What is the green thing labeled "W200"?
 

Hero999

Banned
I don't know.

It looks like a current sensing resistor but it could be a fuse.
 
Last edited:

Nigel Goodwin

Super Moderator
Most Helpful Member
Thanks, I guess I can leave it in then if it isn't limiting motor performance. I just need to assemble a new battery pack because the current ones are sort of mixed in cell capacity.
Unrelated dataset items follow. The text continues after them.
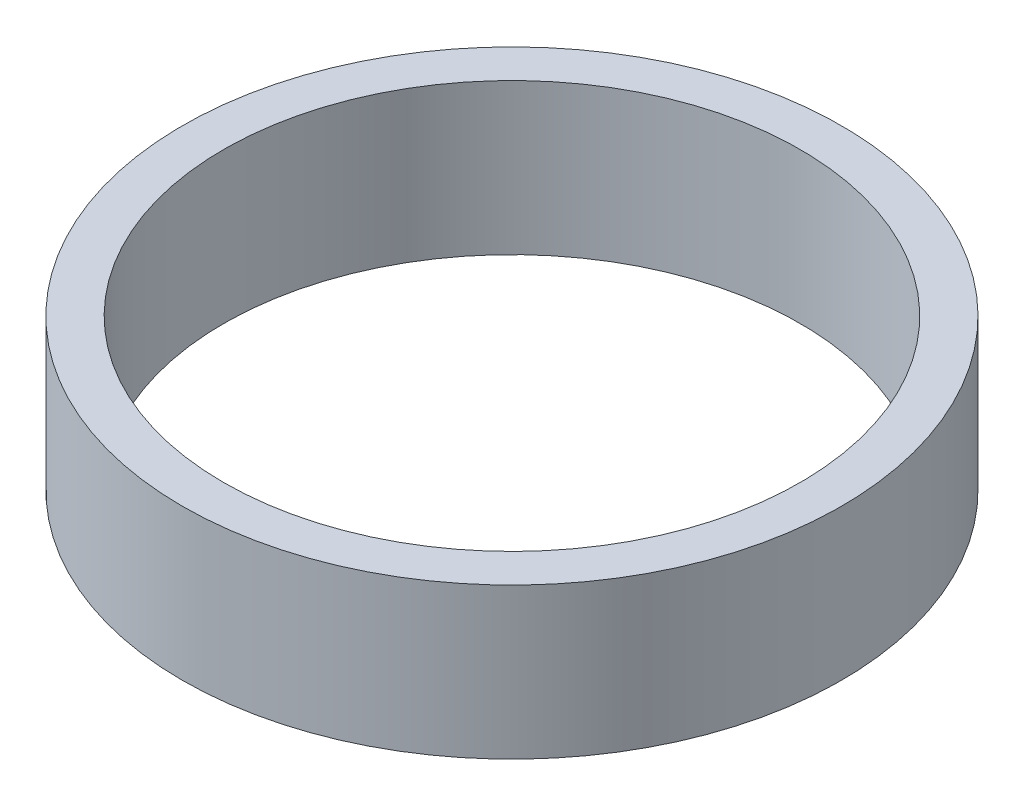
ISO-10303-21;
HEADER;
FILE_DESCRIPTION(('STEP AP214'),'2;1');
FILE_NAME('part.step','',(''),(''),'','','');
FILE_SCHEMA(('AUTOMOTIVE_DESIGN { 1 0 10303 214 1 1 1 1 }'));
ENDSEC;
DATA;
#1=APPLICATION_CONTEXT('core data for automotive mechanical design processes');
#2=APPLICATION_PROTOCOL_DEFINITION('international standard','automotive_design',2000,#1);
#3=PRODUCT_CONTEXT('',#1,'mechanical');
#4=PRODUCT('Part','Part','',(#3));
#5=PRODUCT_RELATED_PRODUCT_CATEGORY('part','',(#4));
#6=PRODUCT_DEFINITION_FORMATION('','',#4);
#7=PRODUCT_DEFINITION_CONTEXT('part definition',#1,'design');
#8=PRODUCT_DEFINITION('design','',#6,#7);
#9=PRODUCT_DEFINITION_SHAPE('','',#8);
#10=(LENGTH_UNIT() NAMED_UNIT(*) SI_UNIT(.MILLI.,.METRE.));
#11=(NAMED_UNIT(*) PLANE_ANGLE_UNIT() SI_UNIT($,.RADIAN.));
#12=(NAMED_UNIT(*) SI_UNIT($,.STERADIAN.) SOLID_ANGLE_UNIT());
#13=UNCERTAINTY_MEASURE_WITH_UNIT(LENGTH_MEASURE(1.E-05),#10,'distance_accuracy_value','');
#14=(GEOMETRIC_REPRESENTATION_CONTEXT(3) GLOBAL_UNCERTAINTY_ASSIGNED_CONTEXT((#13)) GLOBAL_UNIT_ASSIGNED_CONTEXT((#10,
#11,#12)) REPRESENTATION_CONTEXT('',''));
#15=CARTESIAN_POINT('',(0.,0.,0.));
#16=DIRECTION('',(0.,0.,1.));
#17=DIRECTION('',(1.,0.,0.));
#18=AXIS2_PLACEMENT_3D('',#15,#16,#17);
#19=CARTESIAN_POINT('',(0.,18.3,0.));
#20=DIRECTION('',(0.,1.,0.));
#21=DIRECTION('',(0.,0.,1.));
#22=AXIS2_PLACEMENT_3D('',#19,#20,#21);
#23=PLANE('',#22);
#24=CARTESIAN_POINT('',(0.,18.3,0.));
#25=DIRECTION('',(0.,1.,0.));
#26=DIRECTION('',(0.,0.,1.));
#27=AXIS2_PLACEMENT_3D('',#24,#25,#26);
#28=CIRCLE('',#27,40.);
#29=CARTESIAN_POINT('',(0.,18.3,40.));
#30=VERTEX_POINT('',#29);
#31=EDGE_CURVE('E10',#30,#30,#28,.T.);
#32=ORIENTED_EDGE('',*,*,#31,.T.);
#33=EDGE_LOOP('',(#32));
#34=FACE_BOUND('',#33,.T.);
#35=CARTESIAN_POINT('',(0.,18.3,0.));
#36=DIRECTION('',(0.,1.,0.));
#37=DIRECTION('',(0.,0.,1.));
#38=AXIS2_PLACEMENT_3D('',#35,#36,#37);
#39=CIRCLE('',#38,35.);
#40=CARTESIAN_POINT('',(0.,18.3,35.));
#41=VERTEX_POINT('',#40);
#42=EDGE_CURVE('E49',#41,#41,#39,.T.);
#43=ORIENTED_EDGE('',*,*,#42,.F.);
#44=EDGE_LOOP('',(#43));
#45=FACE_BOUND('',#44,.T.);
#46=ADVANCED_FACE('F39',(#34,#45),#23,.T.);
#47=CARTESIAN_POINT('',(0.,0.,0.));
#48=DIRECTION('',(0.,1.,0.));
#49=DIRECTION('',(0.,0.,1.));
#50=AXIS2_PLACEMENT_3D('',#47,#48,#49);
#51=PLANE('',#50);
#52=CARTESIAN_POINT('',(0.,0.,0.));
#53=DIRECTION('',(0.,1.,0.));
#54=DIRECTION('',(0.,0.,1.));
#55=AXIS2_PLACEMENT_3D('',#52,#53,#54);
#56=CIRCLE('',#55,40.);
#57=CARTESIAN_POINT('',(0.,0.,40.));
#58=VERTEX_POINT('',#57);
#59=EDGE_CURVE('E43',#58,#58,#56,.T.);
#60=ORIENTED_EDGE('',*,*,#59,.F.);
#61=EDGE_LOOP('',(#60));
#62=FACE_BOUND('',#61,.T.);
#63=CARTESIAN_POINT('',(0.,0.,0.));
#64=DIRECTION('',(0.,1.,0.));
#65=DIRECTION('',(0.,0.,1.));
#66=AXIS2_PLACEMENT_3D('',#63,#64,#65);
#67=CIRCLE('',#66,35.);
#68=CARTESIAN_POINT('',(0.,0.,35.));
#69=VERTEX_POINT('',#68);
#70=EDGE_CURVE('E55',#69,#69,#67,.T.);
#71=ORIENTED_EDGE('',*,*,#70,.T.);
#72=EDGE_LOOP('',(#71));
#73=FACE_BOUND('',#72,.T.);
#74=ADVANCED_FACE('F65',(#62,#73),#51,.F.);
#75=CARTESIAN_POINT('',(0.,18.3,0.));
#76=DIRECTION('',(0.,-1.,0.));
#77=DIRECTION('',(0.,0.,-1.));
#78=AXIS2_PLACEMENT_3D('',#75,#76,#77);
#79=CYLINDRICAL_SURFACE('',#78,40.);
#80=ORIENTED_EDGE('',*,*,#31,.F.);
#81=EDGE_LOOP('',(#80));
#82=FACE_BOUND('',#81,.T.);
#83=ORIENTED_EDGE('',*,*,#59,.T.);
#84=EDGE_LOOP('',(#83));
#85=FACE_BOUND('',#84,.T.);
#86=ADVANCED_FACE('F41',(#82,#85),#79,.T.);
#87=CARTESIAN_POINT('',(0.,18.3,0.));
#88=DIRECTION('',(0.,-1.,0.));
#89=DIRECTION('',(0.,0.,-1.));
#90=AXIS2_PLACEMENT_3D('',#87,#88,#89);
#91=CYLINDRICAL_SURFACE('',#90,35.);
#92=ORIENTED_EDGE('',*,*,#42,.T.);
#93=EDGE_LOOP('',(#92));
#94=FACE_BOUND('',#93,.T.);
#95=ORIENTED_EDGE('',*,*,#70,.F.);
#96=EDGE_LOOP('',(#95));
#97=FACE_BOUND('',#96,.T.);
#98=ADVANCED_FACE('F59',(#94,#97),#91,.F.);
#99=CLOSED_SHELL('',(#46,#74,#86,#98));
#100=MANIFOLD_SOLID_BREP('B2',#99);
#101=ADVANCED_BREP_SHAPE_REPRESENTATION('',(#18,#100),#14);
#102=SHAPE_DEFINITION_REPRESENTATION(#9,#101);
ENDSEC;
END-ISO-10303-21;

Don't EVER mix batteries like that, or even ones of different makes - one will always go flat first, the others will reverse charge it, and it will split leaking chemicals everywhere.
 

spiffitz

New Member
Don't EVER mix batteries like that, or even ones of different makes - one will always go flat first, the others will reverse charge it, and it will split leaking chemicals everywhere.
Yeah I know, they were old batteries and I needed a high amp 14.4v source just to test the motor. The pack is an 8-cell and half of another 8-cell wired in series. I'm only on the first charge and I don't plan on recharging the pack after this. If I split the leads I can charge them separately but I plan on making a new pack from two identical 6-cell packs anyway. The local electronics toy store has 6-cell packs on clearance for 10 bucks but they only had one in stock.